▶ What is needed: Take each line below that has "blocks" and copy it.

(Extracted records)
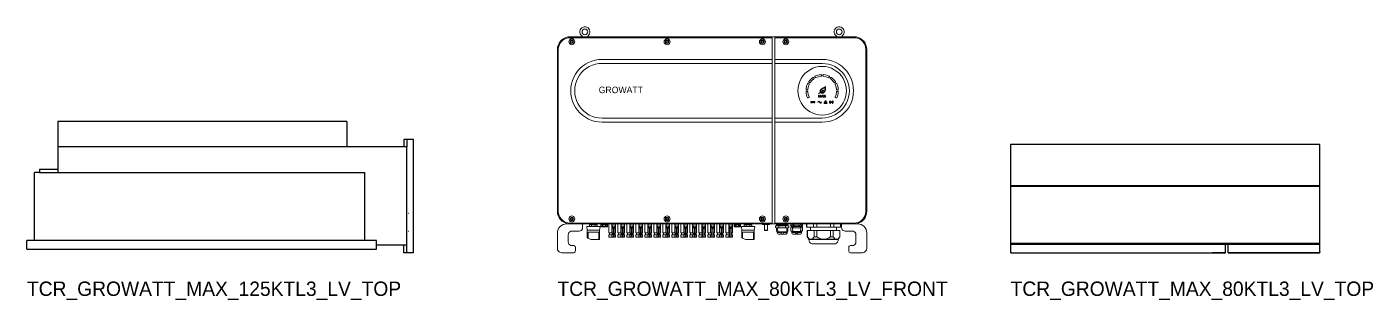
# Model space of a CAD drawing. Header units: millimetres. Extents: x 0 to 17945, y -132 to 1785.
# Drawn here: x 5449 to 9192, y -132 to 628 of the extents above; entities that cross this region are included whole.
import ezdxf

# ---------------------------------------------------------------- set-up
doc = ezdxf.new("R2010")
doc.units = ezdxf.units.MM

# ---------------------------------------------------------------- blocks, each defined once
blk = doc.blocks.new('TCR_GROWATT_MAX_125KTL3_LV_TOP')
at = {"color": 1}
for p, q in [((85.9, 365), (85.9, 232.1)), ((889, 365), (85.9, 365)), ((889, 365), (889, 295)), ((1056.1, 315), (1047.5, 315)), ((1047.5, 315), (1047.5, 295)), ((1056.1, 315), (1056.1, 295)), ((1075, 315), (1056.1, 315)), ((1075, 110), (1075, 315)), ((889, 295), (85.9, 295)), ((1047.5, 295), (889, 295)), ((1056.1, 295), (1047.5, 295)), ((1056.1, 21.9), (1056.1, 295)), ((35.2, 232.1), (35.2, 223.5)), ((35.2, 232.1), (85.9, 232.1)), ((85.9, 232.1), (85.9, 223.5)), ((85.9, 232.1), (86.4, 232.1)), ((21.3, 110), (21.3, 223.5)), ((35.2, 223.5), (21.3, 223.5)), ((35.2, 223.5), (85.9, 223.5)), ((85.9, 223.5), (939.5, 223.5)), ((939.5, 34.1), (939.5, 223.5)), ((21.7, 110), (21.3, 110)), ((21.3, 60), (21.3, 110)), ((1061.3, 110), (1061.7, 110)), ((1075, 60), (1075, 110)), ((21.3, 60), (21.7, 60)), ((21.3, 34.1), (21.3, 60)), ((1061.3, 60), (1061.7, 60)), ((1075, 0), (1075, 60)), ((0, 10), (0, 34.1)), ((21.3, 34.1), (0, 34.1)), ((939.5, 34.1), (21.3, 34.1)), ((971.7, 34.1), (939.5, 34.1)), ((971.2, 21.9), (971.7, 21.9)), ((971.7, 21.9), (971.7, 34.1)), ((971.7, 21.9), (1047.5, 21.9)), ((971.7, 13.4), (971.7, 21.9)), ((1047.5, 0), (1047.5, 21.9)), ((1047.5, 21.9), (1056.1, 21.9)), ((1056.1, 0), (1047.5, 0)), ((1056.1, 0), (1056.1, 21.9)), ((1075, 0), (1056.1, 0)), ((1057.1, 0), (1057.5, 0))]:
    blk.add_line(p, q, dxfattribs=at)
at = {"color": 1, "extrusion": (0, 0, -1)}
blk.add_lwpolyline([(0, 10), (-971.7, 10), (-971.7, 34.1)], dxfattribs=at)
blk = doc.blocks.new('TCR_GROWATT_MAX_80KTL3_LV_FRONT')
at = {"color": 1, "lineweight": 5}
for points in [[(35.1, 600.6), (28.9, 600.1), (23, 598.4), (17.5, 595.9), (12.5, 592.4), (8.3, 588), (4.7, 583), (2.1, 577.5), (0.6, 571.6), (0, 565.5)], [(825, 600.6), (35.1, 600.6)], [(85.1, 603), (87.6, 605.6), (89.5, 608.7), (90.4, 612.3), (90.4, 616), (89.5, 619.5), (87.6, 622.7), (85.1, 625.2), (81.9, 627.1), (78.4, 628), (74.7, 628), (71.2, 627.1), (68.1, 625.2), (65.4, 622.7), (63.6, 619.5), (62.7, 616), (62.7, 612.3), (63.6, 608.7), (65.4, 605.6), (68, 603)], [(69.5, 600.6), (68.1, 602.9)], [(85, 602.9), (83.6, 600.6)], [(792, 603), (794.6, 605.6), (796.4, 608.7), (797.4, 612.3), (797.4, 616), (796.4, 619.5), (794.6, 622.7), (792, 625.2), (788.9, 627.1), (785.3, 628), (781.6, 628), (778.2, 627.1), (775, 625.2), (772.4, 622.7), (770.5, 619.5), (769.6, 616), (769.6, 612.3), (770.5, 608.7), (772.4, 605.6), (775, 603)], [(776.4, 600.6), (775, 602.9)], [(791.9, 602.9), (790.6, 600.6)], [(860, 565.5), (859.5, 571.6), (857.9, 577.5), (855.3, 583), (851.8, 588), (847.5, 592.4), (842.5, 595.9), (837, 598.4), (831.1, 600.1), (825, 600.6)], [(0, 565.5), (0, 115.1)], [(35.1, 598.1), (29.3, 597.6), (23.9, 596.1), (18.7, 593.7), (14.2, 590.5), (10.2, 586.5), (6.9, 581.8), (4.5, 576.7), (3.1, 571.2), (2.5, 565.5)], [(2.5, 565.5), (2.5, 115.1)], [(597, 598.1), (35.1, 598.1)], [(38.6, 589.1), (37.2, 586.6)], [(37.2, 586.6), (38.6, 584.1)], [(41.5, 589.1), (38.6, 589.1)], [(38.6, 584.1), (41.5, 584.1)], [(42.9, 586.6), (41.5, 589.1)], [(41.5, 584.1), (42.9, 586.6)], [(303.5, 589.1), (302.1, 586.6)], [(302.1, 586.6), (303.5, 584.1)], [(306.5, 589.1), (303.5, 589.1)], [(303.5, 584.1), (306.5, 584.1)], [(307.9, 586.6), (306.5, 589.1)], [(306.5, 584.1), (307.9, 586.6)], [(568.6, 589.1), (567.2, 586.6)], [(567.2, 586.6), (568.6, 584.1)], [(571.4, 589.1), (568.6, 589.1)], [(568.6, 584.1), (571.4, 584.1)], [(572.9, 586.6), (571.4, 589.1)], [(571.4, 584.1), (572.9, 586.6)], [(597.5, 597.6), (597.4, 597.9), (597, 598.1)], [(597.5, 83.1), (597.5, 597.6)], [(605.1, 598.1), (604.6, 597.9), (604.5, 597.6)], [(604.5, 83.1), (604.5, 597.6)], [(825, 598.1), (605.1, 598.1)], [(633.6, 589.1), (632.2, 586.6)], [(632.2, 586.6), (633.6, 584.1)], [(636.4, 589.1), (633.6, 589.1)], [(633.6, 584.1), (636.4, 584.1)], [(637.9, 586.6), (636.4, 589.1)], [(636.4, 584.1), (637.9, 586.6)], [(857.6, 565.5), (857, 571.2), (855.5, 576.7), (853.2, 581.8), (849.9, 586.5), (845.9, 590.5), (841.3, 593.7), (836.2, 596.1), (830.7, 597.6), (825, 598.1)], [(857.6, 115.1), (857.6, 565.5)], [(860, 115.1), (860, 565.5)], [(124, 537.7), (114.2, 537.2), (104.6, 535.6), (95.3, 532.8), (86.2, 529), (77.6, 524.4), (69.7, 518.6), (62.4, 512.1), (55.8, 504.9), (50.2, 496.8), (45.4, 488.3), (41.8, 479.3), (39, 469.8), (37.4, 460.3), (36.9, 450.5), (37.4, 440.7), (39, 431), (41.8, 421.6), (45.4, 412.6), (50.2, 404), (55.8, 396.1), (62.4, 388.7), (69.7, 382.2), (77.6, 376.6), (86.2, 371.8), (95.3, 368), (104.6, 365.4), (114.2, 363.8), (124, 363.2)], [(124, 526.6), (114.8, 526), (105.9, 524.4), (97.1, 521.6), (88.6, 517.8), (80.8, 513.1), (73.6, 507.4), (67.1, 500.9), (61.4, 493.7), (56.7, 485.8), (52.9, 477.5), (50.1, 468.7), (48.5, 459.7), (48, 450.5), (48.5, 441.3), (50.1, 432.2), (52.9, 423.5), (56.7, 415.1), (61.4, 407.2), (67.1, 399.9), (73.6, 393.5), (80.8, 387.8), (88.6, 383), (97.1, 379.3), (105.9, 376.5), (114.8, 374.9), (124, 374.4)], [(124, 537.7), (597.5, 537.7)], [(124, 526.6), (597.5, 526.6)], [(736, 537.7), (604.5, 537.7)], [(604.5, 526.4), (736, 526.4)], [(736, 363.2), (745.8, 363.8), (755.5, 365.4), (764.8, 368), (773.8, 371.8), (782.4, 376.6), (790.4, 382.2), (797.6, 388.7), (804.2, 396.1), (809.9, 404), (814.6, 412.6), (818.3, 421.6), (821, 431), (822.7, 440.7), (823.2, 450.5), (822.7, 460.3), (821, 469.8), (818.3, 479.3), (814.6, 488.3), (809.9, 496.8), (804.2, 504.9), (797.6, 512.1), (790.4, 518.6), (782.4, 524.4), (773.8, 529), (764.8, 532.8), (755.5, 535.6), (745.8, 537.2), (736, 537.7)], [(736, 374.6), (745.2, 375.1), (754.1, 376.7), (762.9, 379.5), (771.2, 383.2), (779.1, 388), (786.3, 393.6), (792.7, 400.1), (798.5, 407.4), (803.1, 415.2), (806.9, 423.6), (809.7, 432.3), (811.3, 441.3), (811.8, 450.5), (811.3, 459.7), (809.7, 468.6), (806.9, 477.4), (803.1, 485.7), (798.5, 493.6), (792.7, 500.8), (786.3, 507.2), (779.1, 512.9), (771.2, 517.6), (762.9, 521.4), (754.1, 524.2), (745.2, 525.8), (736, 526.4)], [(699, 476.1), (701.4, 479.3), (704.2, 482.3), (707.3, 485), (710.4, 487.6)], [(710.4, 487.6), (707.3, 485), (704.2, 482.3), (701.4, 479.3), (699, 476.1)], [(712.6, 487.1), (711.6, 487.8), (710.4, 487.6)], [(713.5, 485.5), (712.6, 487.1)], [(716.7, 491.1), (715.9, 490.2), (716, 489)], [(716, 489), (716.9, 487.6)], [(732.4, 495.3), (728.4, 494.8), (724.4, 494), (720.5, 492.8), (716.7, 491.1)], [(716.9, 487.6), (717.8, 486.9), (718.9, 487)], [(732.6, 490.6), (725.6, 489.4), (718.9, 487)], [(734.1, 493.9), (733.5, 495), (732.4, 495.3)], [(732.6, 490.6), (733.6, 491), (734.1, 492.1)], [(734.1, 492.1), (734.1, 493.9)], [(739.7, 495.3), (738.5, 495), (738, 493.9)], [(738, 493.9), (738, 492.1)], [(738, 492.1), (738.4, 491), (739.4, 490.6)], [(753.1, 487), (746.4, 489.4), (739.4, 490.6)], [(745, 494.6), (739.7, 495.3)], [(750.3, 493.2), (745.1, 494.6)], [(755.4, 491.1), (750.4, 493.2)], [(753.1, 487), (754.2, 486.9), (755, 487.6)], [(755, 487.6), (756, 489)], [(756, 489), (756.1, 490.2), (755.4, 491.1)], [(759.4, 487.1), (758.5, 485.5)], [(761.6, 487.6), (760.3, 487.8), (759.4, 487.1)], [(761.6, 487.6), (764.8, 485), (767.8, 482.3), (770.5, 479.3), (773.1, 476.1)], [(773.1, 476.1), (770.5, 479.3), (767.8, 482.3), (764.8, 485), (761.6, 487.6)], [(695.3, 469.7), (693.8, 466), (692.6, 462.1), (691.7, 458.1), (691.2, 454)], [(695.3, 469.7), (693.8, 466), (692.6, 462.1), (691.7, 458.1), (691.2, 454)], [(691.2, 454), (691.6, 452.9), (692.7, 452.4)], [(692.7, 452.4), (694.4, 452.4)], [(694.4, 452.4), (695.4, 452.8), (695.9, 453.8)], [(697.5, 470.5), (696.3, 470.6), (695.3, 469.7)], [(699.6, 467.6), (697.2, 460.9), (695.9, 453.8)], [(699, 469.5), (697.5, 470.5)], [(699, 476.1), (698.8, 474.8), (699.5, 473.9)], [(699.6, 467.6), (699.7, 468.7), (699, 469.5)], [(699.5, 473.9), (700.9, 473)], [(700.9, 473), (702.1, 472.9), (703, 473.4)], [(713.1, 483.5), (707.6, 478.9), (703, 473.4)], [(713.1, 483.5), (713.7, 484.4), (713.5, 485.5)], [(730.4, 445.4), (730.2, 448.3), (730.6, 451.2), (732, 453.7), (734.1, 455.7), (736.6, 457.1), (739.3, 458.3), (741.9, 459.5), (744.3, 461.2)], [(744.1, 459.2), (735.4, 454.8), (733.4, 453.1), (732.2, 451.1), (731.6, 448.6), (731.7, 446.1)], [(731.7, 446.1), (735.3, 448.8), (738.3, 451.9)], [(732.9, 445.3), (735.6, 445.1), (738.2, 445.6), (740.5, 446.9), (742.2, 449), (743.3, 451.3), (743.9, 453.9), (744.1, 459.2)], [(739.5, 451.1), (736.5, 447.8), (732.9, 445.3)], [(745.6, 460.7), (745.5, 455.3), (745.1, 452.5), (744.2, 450), (742.9, 447.5), (741.1, 445.5), (738.6, 444.2), (736, 443.7)], [(738.3, 451.9), (738.7, 452.2), (739.4, 452.1), (739.6, 451.6), (739.5, 451.1)], [(744.3, 461.2), (745.4, 462.2)], [(745.4, 462.2), (745.6, 460.7)], [(758.5, 485.5), (758.4, 484.4), (759, 483.5)], [(769.1, 473.4), (766.9, 476.3), (764.4, 478.9), (761.9, 481.4), (759, 483.5)], [(759, 483.5), (761.9, 481.4), (764.4, 478.9), (766.9, 476.3), (769.1, 473.4)], [(769.1, 473.4), (769.9, 472.9), (771, 473)], [(771, 473), (772.6, 473.9)], [(773.1, 469.5), (772.4, 468.7), (772.5, 467.6)], [(776.1, 453.8), (774.9, 460.9), (772.5, 467.6)], [(772.6, 473.9), (773.3, 474.8), (773.1, 476.1)], [(774.6, 470.5), (773.1, 469.5)], [(776.6, 469.7), (775.7, 470.6), (774.6, 470.5)], [(776.1, 453.8), (776.6, 452.8), (777.6, 452.4)], [(780.8, 454), (780.3, 458.1), (779.5, 462.1), (778.3, 466), (776.6, 469.7)], [(780.8, 454), (780.3, 458.1), (779.5, 462.1), (778.3, 466), (776.6, 469.7)], [(777.6, 452.4), (779.4, 452.4)], [(779.4, 452.4), (780.5, 452.9), (780.8, 454)], [(692.7, 448.4), (691.6, 447.9), (691.2, 446.8)], [(695.3, 431.1), (693.8, 434.9), (692.6, 438.8), (691.7, 442.8), (691.2, 446.8)], [(691.2, 446.8), (691.7, 442.8), (692.6, 438.8), (693.8, 434.9), (695.3, 431.1)], [(694.4, 448.4), (692.7, 448.4)], [(695.9, 447.1), (695.4, 448), (694.4, 448.4)], [(695.3, 431.1), (696.3, 430.4), (697.5, 430.5)], [(695.9, 447.1), (697.2, 440), (699.6, 433.3)], [(697.5, 430.5), (699, 431.3)], [(699, 431.3), (699.7, 432.2), (699.6, 433.3)], [(704.4, 420.8), (704.4, 419.6)], [(704.4, 417.9), (704.4, 416.8)], [(715.7, 420.9), (704.6, 420.9)], [(704.6, 419.5), (715.7, 419.5)], [(707, 418.1), (704.6, 418.1)], [(704.6, 416.6), (707, 416.6)], [(707.2, 416.8), (707.2, 417.9)], [(708.8, 417.9), (708.8, 416.8)], [(711.3, 418.1), (709, 418.1)], [(709, 416.6), (711.3, 416.6)], [(711.5, 416.8), (711.5, 417.9)], [(713.2, 417.9), (713.2, 416.8)], [(715.7, 418.1), (713.4, 418.1)], [(713.4, 416.6), (715.7, 416.6)], [(715.9, 419.6), (715.9, 420.8)], [(715.9, 416.8), (715.9, 417.9)], [(723.7, 418.9), (724.9, 420.3), (725.6, 420.8), (726.4, 421.2), (727.3, 421), (728, 420.5), (729.3, 419.1)], [(724.3, 418.1), (724, 418), (723.7, 418.2), (723.7, 418.9)], [(728.9, 418.4), (727.9, 419.7), (727.3, 420.2), (726.5, 420.3), (725.2, 419.4), (724.3, 418.1)], [(727.2, 438.1), (726.3, 438.1)], [(726.3, 438.1), (726.3, 433.1)], [(726.3, 433.1), (726.9, 433.1)], [(727.4, 442.4), (726.8, 442.4), (726.4, 442.8), (726.4, 443.4), (726.8, 443.8)], [(726.9, 443.8), (730.4, 445.4)], [(726.9, 433.1), (726.9, 437.3)], [(726.9, 437.3), (729, 433.1)], [(729.4, 433.8), (727.2, 438.1)], [(731.2, 444.3), (727.4, 442.4)], [(729.6, 417.4), (728.9, 418.4)], [(729, 433.1), (729.7, 433.1)], [(729.3, 419.1), (730.2, 417.8), (730.7, 417.2), (731.5, 416.9), (732.2, 417.2), (732.8, 417.8), (733.6, 419.1)], [(731.4, 438.1), (729.4, 433.8)], [(734.3, 418.5), (733.4, 417.2), (732.2, 416.1), (731.4, 415.9), (730.7, 416.2), (729.6, 417.4)], [(729.7, 433.1), (731.7, 437.3)], [(736, 443.7), (733.5, 443.7), (731.2, 444.3)], [(732.3, 438.1), (731.4, 438.1)], [(731.7, 437.3), (731.6, 433.1)], [(731.6, 433.1), (732.3, 433.1)], [(732.3, 433.1), (732.3, 438.1)], [(735.9, 438.1), (733.2, 433.1)], [(733.2, 433.1), (734.1, 433.1)], [(733.6, 419.1), (734, 419.3), (734.3, 419.1), (734.3, 418.5)], [(734.1, 433.1), (734.7, 434.3)], [(734.7, 434.3), (737.7, 434.3)], [(735, 434.8), (736.2, 437.3)], [(737.4, 434.8), (735, 434.8)], [(736.6, 438.1), (735.9, 438.1)], [(736.2, 437.3), (737.4, 434.8)], [(739.2, 433.1), (736.6, 438.1)], [(737.7, 434.3), (738.3, 433.1)], [(738.3, 433.1), (739.2, 433.1)], [(742.2, 435.7), (739.7, 433.1)], [(739.7, 433.1), (740.6, 433.1)], [(741, 438.1), (740, 438.1)], [(740, 438.1), (742.2, 435.7)], [(740.6, 433.1), (742.7, 435.2)], [(742.7, 436.1), (741, 438.1)], [(743.5, 414.8), (742.6, 415), (741.9, 415.7), (741.6, 416.7), (741.9, 417.6)], [(744.1, 421.4), (741.9, 417.6)], [(742.6, 417.2), (744.9, 421)], [(742.6, 417.2), (742.6, 416.1), (743.5, 415.6)], [(744.4, 438.1), (742.7, 436.1)], [(742.7, 435.2), (744.8, 433.1)], [(743.1, 435.7), (745.4, 438.1)], [(745.8, 433.1), (743.1, 435.7)], [(743.5, 415.6), (747.9, 415.6)], [(743.5, 414.8), (747.9, 414.7)], [(744.1, 421.4), (744.6, 422), (745.3, 422.4), (746, 422.4), (746.7, 422.2)], [(745.4, 438.1), (744.4, 438.1)], [(744.8, 433.1), (745.8, 433.1)], [(746.6, 421), (745.7, 421.5), (745.2, 421.4), (744.9, 421)], [(745.7, 420.3), (745.4, 420.1), (745.2, 419.8)], [(745.2, 419.8), (745.2, 418.5)], [(745.5, 418.2), (745.2, 418.5)], [(745.2, 417.3), (745.2, 416.7)], [(745.5, 418.2), (746, 418.2)], [(746, 417.5), (745.5, 417.5)], [(745.5, 416.4), (746, 416.4)], [(746.3, 419.8), (746.1, 420.1), (745.8, 420.3)], [(746.3, 418.5), (746, 418.2)], [(746.3, 418.5), (746.3, 419.8)], [(746.3, 416.7), (746.3, 417.3)], [(746.6, 421), (748.8, 417.2)], [(746.7, 422.2), (747.3, 421.4)], [(749.5, 417.6), (747.3, 421.4)], [(749.5, 417.6), (749.9, 416.7), (749.5, 415.7), (748.8, 415), (747.9, 414.7)], [(747.9, 415.6), (748.4, 415.7)], [(748.4, 415.7), (748.9, 416.3), (748.8, 417.2)], [(757.5, 415.2), (756.6, 416.9), (756.3, 418.6), (756.6, 420.3), (757.5, 421.9)], [(758.1, 421.3), (757.4, 420), (757.2, 418.6), (757.4, 417.2), (758.1, 415.8)], [(758.1, 421.3), (758.2, 421.6), (758.1, 422), (757.8, 422.1), (757.5, 421.9)], [(757.5, 415.2), (757.8, 415.1), (758.1, 415.2), (758.2, 415.5), (758.1, 415.8)], [(759.1, 416.7), (758.7, 417.6), (758.5, 418.6), (758.7, 419.6), (759.1, 420.5)], [(759.1, 420.5), (759.8, 420.5), (759.8, 419.9)], [(759.8, 417.3), (759.8, 416.6), (759.1, 416.7)], [(759.8, 419.9), (759.4, 418.6), (759.8, 417.3)], [(761.2, 417.5), (760.5, 418), (760.4, 418.8), (760.9, 419.4), (761.6, 419.7)], [(761.2, 417.5), (761.6, 417.5)], [(761.6, 419.7), (762.3, 419.4), (762.7, 418.8), (762.5, 418), (761.9, 417.5)], [(761.6, 417.5), (761.9, 417.5)], [(763.2, 419.9), (763.3, 420.5), (763.9, 420.5)], [(763.2, 417.3), (763.7, 418.6), (763.2, 419.9)], [(763.9, 416.7), (763.3, 416.6), (763.2, 417.3)], [(763.9, 420.5), (764.4, 419.6), (764.6, 418.6), (764.4, 417.6), (763.9, 416.7)], [(765.6, 421.9), (765.3, 422.1), (765, 422), (764.8, 421.6), (764.9, 421.3)], [(764.9, 415.8), (764.8, 415.5), (765, 415.2), (765.3, 415.1), (765.6, 415.2)], [(764.9, 415.8), (765.6, 417.2), (765.8, 418.6), (765.6, 420), (764.9, 421.3)], [(765.6, 421.9), (766.5, 420.3), (766.8, 418.6), (766.5, 416.9), (765.6, 415.2)], [(772.5, 433.3), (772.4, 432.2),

▶ Your solution:
# ---------------------------------------------------------------- blocks, each defined once
blk = doc.blocks.new('TCR_GROWATT_MAX_125KTL3_LV_TOP')
blk = doc.blocks.new('TCR_GROWATT_MAX_80KTL3_LV_FRONT')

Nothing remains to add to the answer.